Very nice, love the title. Reminds of a beautiful friend who used to speak casual Farsi to my dog. She had been born in Tehran and honestly only ever spoke about it charmingly. She herself had certainly been the same, it was easy to believe her.


It makes it truly feel like Hogwarts.
posted by firstdaffodils at 10:27 PM on September 23, 2021


I've been thinking about similar things lately. I grew up in a town on the outer ring of Atlanta suburbs. And despite living there for the first 18 years of my life, I never quite felt comfortable and never felt like I belonged. Whether it was my mom getting disapproving looks for letting me walk around the mall on my own, or the fact that many of my classmates didn't think that Catholics counted as Christians, or feeling trapped in miles of suburbia with no easy way to meet up with friends without a car, I was ready to leave forever when I graduated high school. I haven't been back to my home town for years and it feels less sad than it should.

But two weeks ago I impulse bought plane tickets to Miami and talked my husband into taking a 36-hour trip, and when we landed I was overwhelmed with feelings of home. My dad was born in Cuba, but spend most of his childhood in a squat house in Little Havana with a sapodilla tree in the backyard. I spent a few weeks there every summer with my Abuela, buying breakfast from the bakery on the corner, chasing lizards, eating cuban sandwiches at the beach, and watching endless Univision while waiting for Walter Mercado predict our horoscopes. My brother and I were the only ones in our generation for a long time, so we were always greeted with kisses from relatives and given gifts of money.

I remember strangers commenting that I looked "educated", but I was just a kid who read a lot. I was always called "linda", even when I didn't feel beautiful at all. I think I might have survived on the good vibes from family in Miami to get to the other side of puberty.

This is just to say that the essay crystalized some personal stuff and was much appreciated.
posted by Alison at 7:57 AM on September 24, 2021 [3 favorites]


Fascinating how much freer she felt under the formally enforced gender rules of Iran than she did under the informally enforced "gender and respectability norms of life in the UK". Perhaps things would've been different if she had gone to school in Iran rather than just vacationing

Thing is, she was always a guest in Iran and always a child of priviledge. Very nice article, and to me also interesting in the ways my experience diverges from hers - almost vice versa, to be honest. Plurality, fascinating and complicated. Thanks for posting, mumimor.
posted by glasseyes at 12:24 PM on September 25, 2021 [1 favorite]

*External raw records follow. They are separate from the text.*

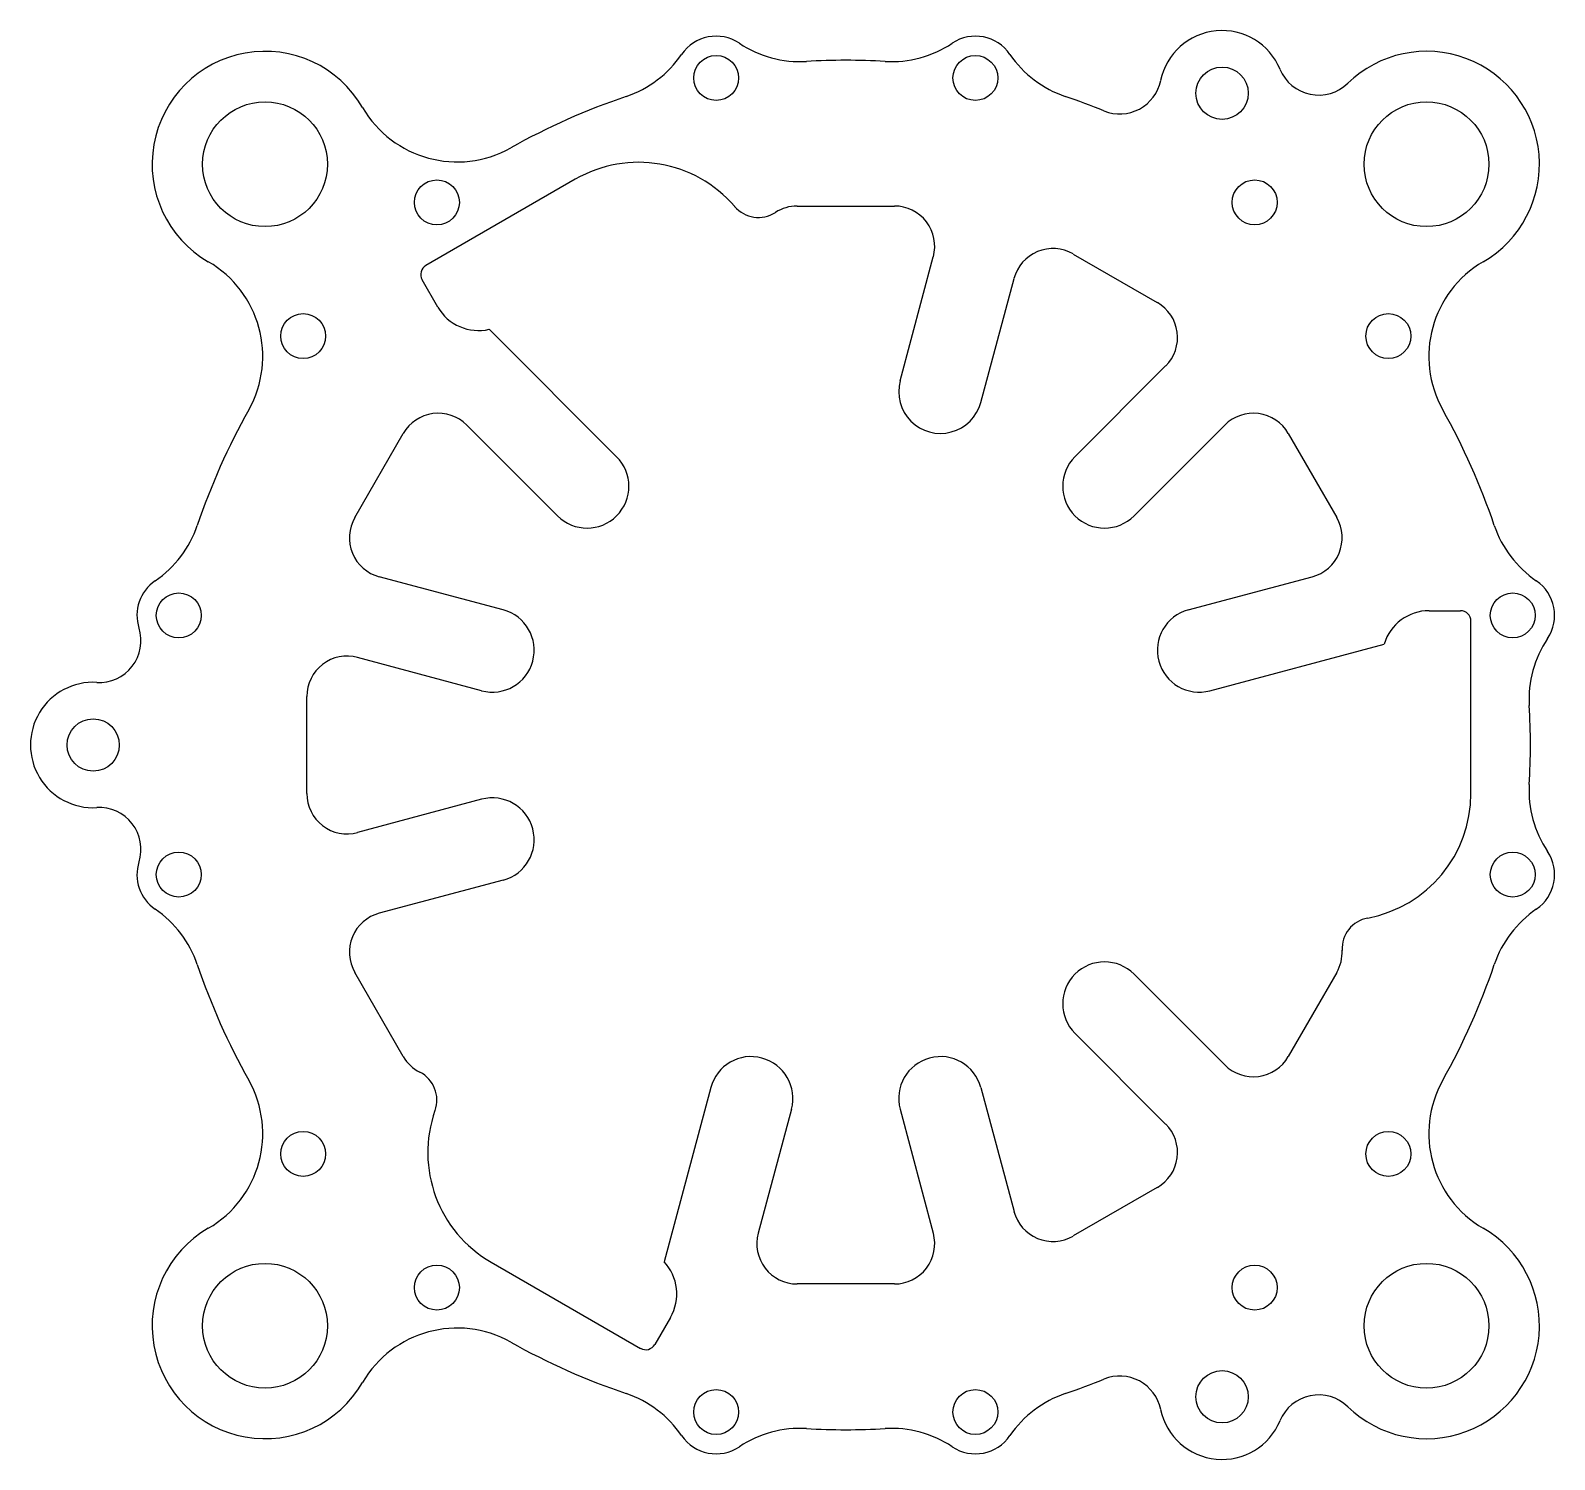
# Model space of a CAD drawing. Extents: x -78 to 68, y -68 to 68.
import ezdxf

# ---------------------------------------------------------------- set-up
doc = ezdxf.new("R2010")
doc.units = 0
doc.layers.add('VISIBLE', color=7, linetype='CONTINUOUS')

msp = doc.modelspace()

# ---------------------------------------------------------------- linework, layer by layer
at = {"layer": 'VISIBLE'}
for p, q in [((-25.88, 54.12), (-40.17, 45.87)), ((-4.65, 51.56), (4.65, 51.56)), ((5.19, 34.84), (8.37, 46.7)), ((21.75, 46.97), (29.8, 42.33)), ((-39.03, 41.9), (-40.53, 44.5)), ((12.92, 32.77), (16.1, 44.63)), ((-21.92, 27.58), (-34.11, 39.77)), ((21.92, 27.58), (30.6, 36.26)), ((-46.97, 21.75), (-42.33, 29.8)), ((-27.58, 21.92), (-36.26, 30.6)), ((27.58, 21.92), (36.26, 30.6)), ((42.33, 29.8), (46.97, 21.75)), ((-32.77, 12.92), (-44.63, 16.1)), ((32.77, 12.92), (44.63, 16.1)), ((55.81, 12.85), (58.81, 12.85)), ((59.81, -4.65), (59.81, 11.85)), ((34.84, 5.19), (51.5, 9.66)), ((-34.84, 5.19), (-46.7, 8.37)), ((-51.56, -4.65), (-51.56, 4.65)), ((-34.84, -5.19), (-46.7, -8.37)), ((-32.77, -12.92), (-44.63, -16.1)), ((-42.33, -29.8), (-46.97, -21.75)), ((46.97, -21.75), (42.33, -29.8)), ((27.58, -21.92), (36.26, -30.6)), ((21.92, -27.58), (30.6, -36.26)), ((-12.92, -32.77), (-17.39, -49.43)), ((12.92, -32.77), (16.1, -44.63)), ((-5.19, -34.84), (-8.37, -46.7)), ((5.19, -34.84), (8.37, -46.7)), ((29.8, -42.33), (21.75, -46.97)), ((-33.93, -49.47), (-19.64, -57.72)), ((4.65, -51.56), (-4.65, -51.56)), ((-16.77, -54.76), (-18.27, -57.35))]:
    msp.add_line(p, q, dxfattribs=at)
for centre, radius in [((-12.4, 63.81), 2.15), ((12.4, 63.81), 2.15), ((36, 62.35), 2.5), ((-55.56, 55.56), 5.97), ((55.56, 55.56), 5.97), ((-39.12, 51.91), 2.15), ((39.12, 51.91), 2.15), ((-51.91, 39.12), 2.15), ((51.91, 39.12), 2.15), ((-63.81, 12.4), 2.15), ((63.81, 12.4), 2.15), ((-72, 0), 2.5), ((-63.81, -12.4), 2.15), ((63.81, -12.4), 2.15), ((-51.91, -39.12), 2.15), ((51.91, -39.12), 2.15), ((-55.56, -55.56), 5.97), ((-39.12, -51.91), 2.15), ((39.12, -51.91), 2.15), ((55.56, -55.56), 5.97), ((36, -62.35), 2.5), ((-12.4, -63.81), 2.15), ((12.4, -63.81), 2.15)]:
    msp.add_circle(centre, radius, dxfattribs=at)
for centre, radius, start, end in [((-12.4, 63.81), 4, 56.2987, 145.7013), ((-4.37, 75.84), 10.47, 236.2987, 273.3005), ((4.37, 75.84), 10.47, 266.6995, 303.7013), ((12.4, 63.81), 4, 34.2987, 123.7013), ((36, 62.35), 6, 22.4099, 168.3671), ((-55.56, 55.56), 10.8, 30.1735, 239.8265), ((-24.36, 71.96), 10.47, 288.6995, 325.7013), ((24.36, 71.96), 10.47, 214.2987, 251.3005), ((55.56, 55.56), 10.8, 300.1735, 134.217), ((0, 0), 65.5, 86.6995, 93.3005), ((45.24, 66.17), 4, 202.4099, 314.217), ((26.21, 64.37), 4, 247.8485, 348.3671), ((0, 0), 65.5, 108.6995, 119.3005), ((0, 0), 65.5, 67.8485, 71.3005), ((-37.18, 66.25), 10.47, 210.1735, 299.3005), ((-19.82, 43.63), 12.11, 40.6109, 120), ((-8.36, 53.47), 3, 220.6109, 302.7516), ((-4.65, 47.7), 3.86, 90, 122.7516), ((4.65, 47.7), 3.86, 345, 90), ((19.82, 43.63), 3.86, 60, 165), ((-66.25, 37.18), 10.47, 330.6995, 59.8265), ((-39.67, 45), 1, 120, 210), ((66.25, 37.18), 10.47, 120.1735, 209.3005), ((27.88, 38.99), 3.86, 315, 60), ((-35.14, 44.15), 4.5, 210, 283.1277), ((9.06, 33.81), 4, 165, 345), ((0, 0), 65.5, 150.6995, 161.3005), ((-38.99, 27.88), 3.86, 45, 150), ((38.99, 27.88), 3.86, 30, 135), ((0, 0), 65.5, 18.6995, 29.3005), ((-24.75, 24.75), 4, 225, 45), ((24.75, 24.75), 4, 135, 315), ((-71.96, 24.36), 10.47, 304.2987, 341.3005), ((-43.63, 19.82), 3.86, 150, 255), ((43.63, 19.82), 3.86, 285, 30), ((71.96, 24.36), 10.47, 198.6995, 235.7013), ((-63.81, 12.4), 4, 124.2987, 197.5985), ((63.81, 12.4), 4, 326.2987, 55.7013), ((-33.81, 9.06), 4, 255, 75), ((33.81, 9.06), 4, 105, 285), ((55.81, 8.35), 4.5, 90, 163.1277), ((58.81, 11.85), 1, 0, 90), ((-71.43, 9.98), 4, 266.7401, 17.5985), ((75.84, 4.37), 10.47, 146.2987, 183.3005), ((-47.7, 4.65), 3.86, 75, 180), ((-72, 0), 6, 86.7401, 273.2599), ((0, 0), 65.5, 356.6995, 3.3005), ((75.84, -4.37), 10.47, 176.6995, 213.7013), ((-47.7, -4.65), 3.86, 180, 285), ((-33.81, -9.06), 4, 285, 105), ((47.7, -4.65), 12.11, 280.6109, 0), ((-71.43, -9.98), 4, 342.4015, 93.2599), ((63.81, -12.4), 4, 304.2987, 33.7013), ((-63.81, -12.4), 4, 162.4015, 235.7013), ((-71.96, -24.36), 10.47, 18.6995, 55.7013), ((71.96, -24.36), 10.47, 124.2987, 161.3005), ((-43.63, -19.82), 3.86, 105, 210), ((50.48, -19.5), 3, 100.6109, 182.7516), ((43.63, -19.82), 3.86, 330, 2.7516), ((0, 0), 65.5, 198.6995, 209.3005), ((24.75, -24.75), 4, 45, 225), ((0, 0), 65.5, 330.6995, 341.3005), ((-38.99, -27.88), 3.86, 210, 242.7516), ((-9.06, -33.81), 4, 345, 165), ((9.06, -33.81), 4, 15, 195), ((38.99, -27.88), 3.86, 225, 330), ((-66.25, -37.18), 10.47, 300.1735, 29.3005), ((-42.12, -33.97), 3, 340.6109, 62.7516), ((66.25, -37.18), 10.47, 150.6995, 239.8265), ((-27.88, -38.99), 12.11, 160.6109, 240), ((27.88, -38.99), 3.86, 300, 45), ((19.82, -43.63), 3.86, 195, 300), ((-55.56, -55.56), 10.8, 120.1735, 329.8265), ((55.56, -55.56), 10.8, 225.783, 59.8265), ((-4.65, -47.7), 3.86, 165, 270), ((4.65, -47.7), 3.86, 270, 15), ((-20.67, -52.51), 4.5, 330, 43.1277), ((-37.18, -66.25), 10.47, 60.6995, 149.8265), ((0, 0), 65.5, 240.6995, 251.3005), ((-19.14, -56.85), 1, 240, 330), ((0, 0), 65.5, 288.6995, 292.1515), ((26.21, -64.37), 4, 11.6329, 112.1515), ((-24.36, -71.96), 10.47, 34.2987, 71.3005), ((24.36, -71.96), 10.47, 108.6995, 145.7013), ((45.24, -66.17), 4, 45.783, 157.5901), ((36, -62.35), 6, 191.6329, 337.5901), ((-4.37, -75.84), 10.47, 86.6995, 123.7013), ((0, 0), 65.5, 266.6995, 273.3005), ((4.37, -75.84), 10.47, 56.2987, 93.3005), ((-12.4, -63.81), 4, 214.2987, 303.7013), ((12.4, -63.81), 4, 236.2987, 325.7013)]:
    msp.add_arc(centre, radius, start, end, dxfattribs=at)

doc.saveas('drawing.dxf')
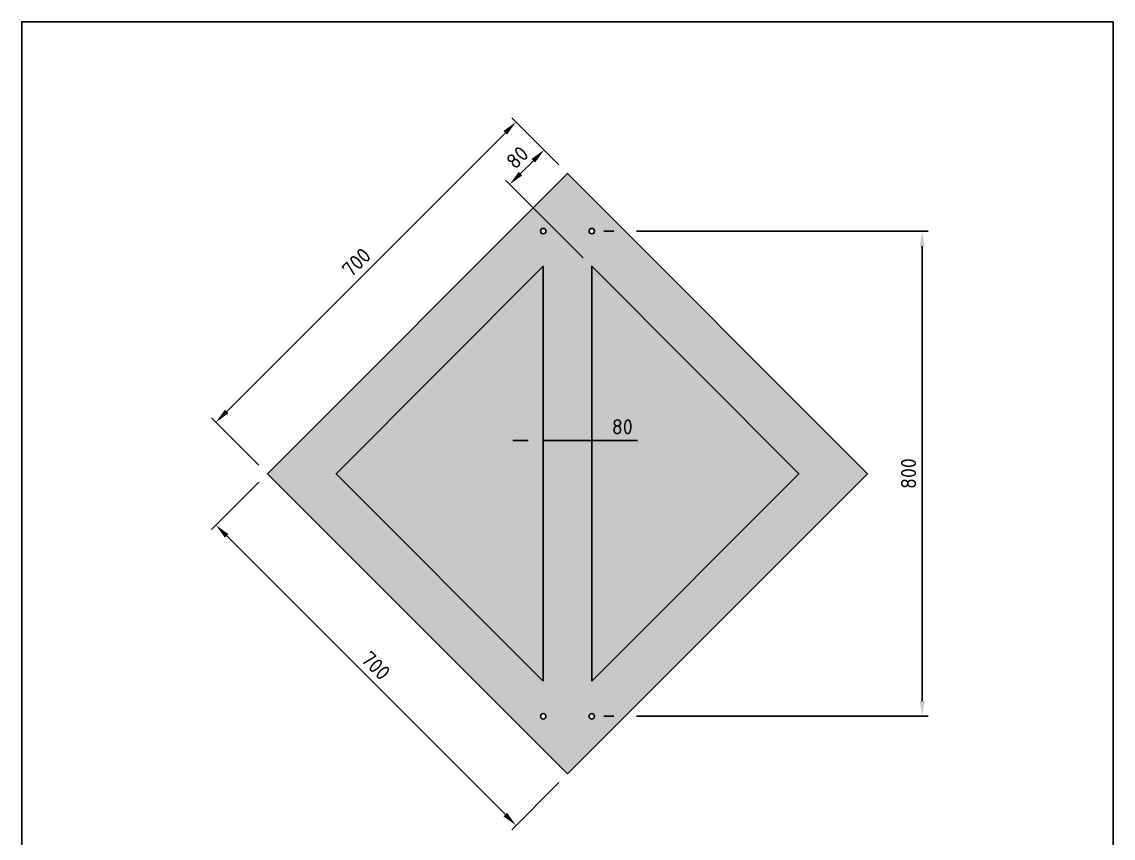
# Model space of a CAD drawing. Header units: millimetres. Extents: x 0 to 1800, y 0 to 2770.
# Drawn here: x 0 to 1800, y 1424 to 2770 of the extents above; entities that cross this region are included whole.
import ezdxf

# ---------------------------------------------------------------- set-up
doc = ezdxf.new("R2010")
doc.units = ezdxf.units.MM
for name, color, linetype in [('DIM-ISO_1-10', 4, 'Continuous'), ('RAMME', 7, 'Continuous'), ('Skilt', 7, 'Continuous'), ('Skilt-kontur', 4, 'Continuous'), ('Skravur-Sort', 250, 'Continuous')]:
    doc.layers.add(name, color=color, linetype=linetype)
doc.layers.add('Skravur-Gul', color=7, linetype='Continuous', true_color=0xffcc1f)
doc.styles.add('ISO25', font='ISO3098', dxfattribs={"oblique": 0.9})
doc.dimstyles.new('DIM-ISO_1-10', dxfattribs={"dimscale": 10, "dimtxt": 2.5, "dimasz": 2.5, "dimexe": 1, "dimexo": 2, "dimgap": 1, "dimtad": 1, "dimdec": 0, "dimdsep": 46, "dimtxsty": 'ISO25', "dimcen": 0, "dimclrd": 256, "dimclre": 256, "dimclrt": 2, "dimadec": 0, "dimazin": 0, "dimtp": 0.1, "dimtm": 0.1, "dimtfac": 0.71, "dimtdec": 0, "dimtmove": 0, "dimatfit": 3, "dimfxl": 1, "dimtzin": 0, "dimarcsym": 0})

# ---------------------------------------------------------------- blocks, each defined once
blk = doc.blocks.new('*D12')
at = {"layer": 'Defpoints', "color": 0, "transparency": 16777216}
for p in [(815.1, 2604.9), (900, 2520), (405, 2025)]:
    blk.add_point(p, dxfattribs=at)
at = {"layer": 'DIM-ISO_1-10', "lineweight": -2, "transparency": 16777216}
for p, q in [((885.9, 2534.1), (808.1, 2611.9)), ((337.9, 2127.6), (797.5, 2587.2)), ((390.9, 2039.2), (313.1, 2116.9))]:
    blk.add_line(p, q, dxfattribs=at)
at = {"layer": 'DIM-ISO_1-10', "transparency": 16777216}
for points in [[(794.5, 2590.1), (800.4, 2584.2), (815.1, 2604.9)], [(334.9, 2130.5), (340.8, 2124.6), (320.2, 2109.9)]]:
    blk.add_solid(points, dxfattribs=at)
at = {"layer": 'DIM-ISO_1-10', "color": 2, "transparency": 16777216, "insert": (551.7, 2373.3), "char_height": 25, "attachment_point": 5, "rotation": 45, "style": 'ISO25'}
blk.add_mtext('700', dxfattribs=at)
blk = doc.blocks.new('*D13')
at = {"layer": 'Defpoints', "color": 0, "transparency": 16777216}
for p in [(405, 2025), (900, 1530.1), (815.1, 1445.2)]:
    blk.add_point(p, dxfattribs=at)
at = {"layer": 'DIM-ISO_1-10', "lineweight": -2, "transparency": 16777216}
for p, q in [((390.9, 2010.9), (313.1, 1933.1)), ((337.9, 1922.5), (797.5, 1462.9)), ((885.9, 1515.9), (808.1, 1438.1))]:
    blk.add_line(p, q, dxfattribs=at)
at = {"layer": 'DIM-ISO_1-10', "transparency": 16777216}
for points in [[(340.8, 1925.4), (334.9, 1919.5), (320.2, 1940.2)], [(800.4, 1465.8), (794.5, 1459.9), (815.1, 1445.2)]]:
    blk.add_solid(points, dxfattribs=at)
at = {"layer": 'DIM-ISO_1-10', "color": 2, "transparency": 16777216, "insert": (583.6, 1708.6), "char_height": 25, "attachment_point": 5, "rotation": 315, "style": 'ISO25'}
blk.add_mtext('700', dxfattribs=at)
blk = doc.blocks.new('*D14')
at = {"layer": 'Defpoints', "color": 0, "transparency": 16777216}
for p in [(940, 2425), (940, 1625), (1485, 1625)]:
    blk.add_point(p, dxfattribs=at)
at = {"layer": 'DIM-ISO_1-10', "lineweight": -2, "transparency": 16777216}
for p, q in [((960, 2425), (976.2, 2425)), ((1013.7, 2425), (1495, 2425)), ((1485, 2400), (1485, 1650)), ((960, 1625), (976.2, 1625)), ((1013.7, 1625), (1495, 1625))]:
    blk.add_line(p, q, dxfattribs=at)
at = {"layer": 'DIM-ISO_1-10', "transparency": 16777216}
for points in [[(1480.8, 2400), (1489.1, 2400), (1485, 2425)], [(1480.8, 1650), (1489.1, 1650), (1485, 1625)]]:
    blk.add_solid(points, dxfattribs=at)
at = {"layer": 'DIM-ISO_1-10', "color": 2, "transparency": 16777216, "insert": (1462.5, 2025), "char_height": 25, "attachment_point": 5, "rotation": 90, "style": 'ISO25'}
blk.add_mtext('800', dxfattribs=at)
blk = doc.blocks.new('*D17')
at = {"layer": 'Defpoints', "color": 0, "transparency": 16777216}
for p in [(861.3, 2558.7), (900, 2520), (940, 2366.9)]:
    blk.add_point(p, dxfattribs=at)
at = {"layer": 'DIM-ISO_1-10', "lineweight": -2, "transparency": 16777216}
for p, q in [((885.9, 2534.1), (854.3, 2565.7)), ((822.4, 2519.8), (843.7, 2541)), ((925.9, 2381), (797.7, 2509.2))]:
    blk.add_line(p, q, dxfattribs=at)
at = {"layer": 'DIM-ISO_1-10', "transparency": 16777216}
for points in [[(840.7, 2543.9), (846.6, 2538), (861.3, 2558.7)], [(819.5, 2522.7), (825.4, 2516.8), (804.8, 2502.1)]]:
    blk.add_solid(points, dxfattribs=at)
at = {"layer": 'DIM-ISO_1-10', "color": 2, "transparency": 16777216, "insert": (817.1, 2546.3), "char_height": 25, "attachment_point": 5, "rotation": 45, "style": 'ISO25'}
blk.add_mtext('80', dxfattribs=at)
blk = doc.blocks.new('*D18')
at = {"layer": 'Defpoints', "color": 0, "transparency": 16777216}
for p in [(860, 2079.8), (860, 2025), (940, 2025)]:
    blk.add_point(p, dxfattribs=at)
at = {"layer": 'DIM-ISO_1-10', "lineweight": -2, "transparency": 16777216}
for p, q in [((860, 2045), (860, 2089.8)), ((940, 2045), (940, 2089.8)), ((835, 2079.8), (810, 2079.8)), ((860, 2079.8), (885, 2079.8)), ((885, 2079.8), (915, 2079.8)), ((940, 2079.8), (915, 2079.8)), ((940, 2079.8), (1015.5, 2079.8)), ((965, 2079.8), (990, 2079.8))]:
    blk.add_line(p, q, dxfattribs=at)
at = {"layer": 'DIM-ISO_1-10', "transparency": 16777216}
for points in [[(835, 2083.9), (835, 2075.6), (860, 2079.8)], [(965, 2083.9), (965, 2075.6), (940, 2079.8)]]:
    blk.add_solid(points, dxfattribs=at)
at = {"layer": 'DIM-ISO_1-10', "color": 2, "transparency": 16777216, "insert": (990.2, 2102.3), "char_height": 25, "attachment_point": 5, "style": 'ISO25'}
blk.add_mtext('80', dxfattribs=at)

msp = doc.modelspace()

# ---------------------------------------------------------------- hatches: boundary and pattern name
at = {"layer": 'Skravur-Gul'}
h = msp.add_hatch(color=256, dxfattribs=at)
h.dxf.hatch_style = 1
h.paths.add_polyline_path([(860, 1683.2), (518.2, 2025), (860, 2366.9)])
h.paths.add_polyline_path([(940, 1683.2), (1281.8, 2025), (940, 2366.9)])
at = {"layer": 'Skravur-Sort'}
h = msp.add_hatch(color=256, dxfattribs=at)
h.dxf.hatch_style = 1
h.paths.add_polyline_path([(1395, 2025), (900, 2520), (405, 2025), (900, 1530.1)])
h.paths.add_polyline_path([(940, 1683.2), (940, 2366.9), (1281.8, 2025)], flags=16)
h.paths.add_polyline_path([(860, 1683.2), (518.2, 2025), (860, 2366.9)], flags=16)
h.paths.add_polyline_path([(944.5, 1625, -1), (935.5, 1625, -1)], flags=16)
h.paths.add_polyline_path([(864.5, 1625, -1), (855.5, 1625, -1)], flags=16)
h.paths.add_polyline_path([(935.5, 2425, -1), (944.5, 2425, -1)], flags=16)
h.paths.add_polyline_path([(855.5, 2425, -1), (864.5, 2425, -1)], flags=16)

# ---------------------------------------------------------------- linework, layer by layer
at = {"layer": 'RAMME'}
msp.add_lwpolyline([(0, 0), (1800, 0), (1800, 2770), (0, 2770)], close=True, dxfattribs=at)
at = {"layer": 'Skilt'}
msp.add_lwpolyline([(900, 1530.1), (1395, 2025), (900, 2520), (405, 2025)], close=True, dxfattribs=at)
at = {"layer": 'Skilt-kontur'}
for points in [[(860, 1683.2), (518.2, 2025), (860, 2366.9), (860, 1683.2)], [(940, 1683.2), (1281.8, 2025), (940, 2366.9), (940, 1683.2)]]:
    msp.add_lwpolyline(points, dxfattribs=at)
for centre in [(860, 2425), (940, 2425), (860, 1625), (940, 1625)]:
    msp.add_circle(centre, 4.5, dxfattribs=at)

# ---------------------------------------------------------------- dimensions: what is measured, and where the dimension line sits
at = {"layer": 'DIM-ISO_1-10'}
for p2, distance, picture, middle in [((900, 2520), 120, '*D12', (551.7, 2373.3)), ((900, 1530.1), -120, '*D13', (583.6, 1708.6))]:
    dim = msp.add_aligned_dim(p1=(405, 2025), p2=p2, distance=distance, dimstyle='DIM-ISO_1-10', dxfattribs=at)
    dim.commit()
    dim.dimension.update_dxf_attribs({"geometry": picture, "text_midpoint": middle})
for base, p1, p2, angle, picture, middle in [((861.3, 2558.7), (940, 2366.9), (900, 2520), 45, '*D17', (817.1, 2546.3)), ((1485, 1625), (940, 2425), (940, 1625), 90, '*D14', (1462.5, 2025))]:
    dim = msp.add_linear_dim(base=base, p1=p1, p2=p2, angle=angle, dimstyle='DIM-ISO_1-10', dxfattribs=at)
    dim.commit()
    dim.dimension.update_dxf_attribs({"geometry": picture, "text_midpoint": middle})
dim = msp.add_linear_dim(base=(860, 2079.8), p1=(940, 2025), p2=(860, 2025), dimstyle='DIM-ISO_1-10', dxfattribs=at)
dim.commit()
dim.dimension.update_dxf_attribs({"geometry": '*D18', "text_midpoint": (990.2, 2079.8), "dimtype": 160})

doc.saveas('drawing.dxf')

glasseyes: almost vice versa, to be honest.

I'd love to hear more about your experience, if you're willing/able to share it.
posted by clawsoon at 6:54 PM on September 26, 2021


What a read -- "getting cleverer and cleverer because there was nothing else to do, buoyed up by the knowledge that special relativity takes metaphorical forms, too. Iran gave us the comfort that being special is relative, and we grew eagerly towards the light of other worlds."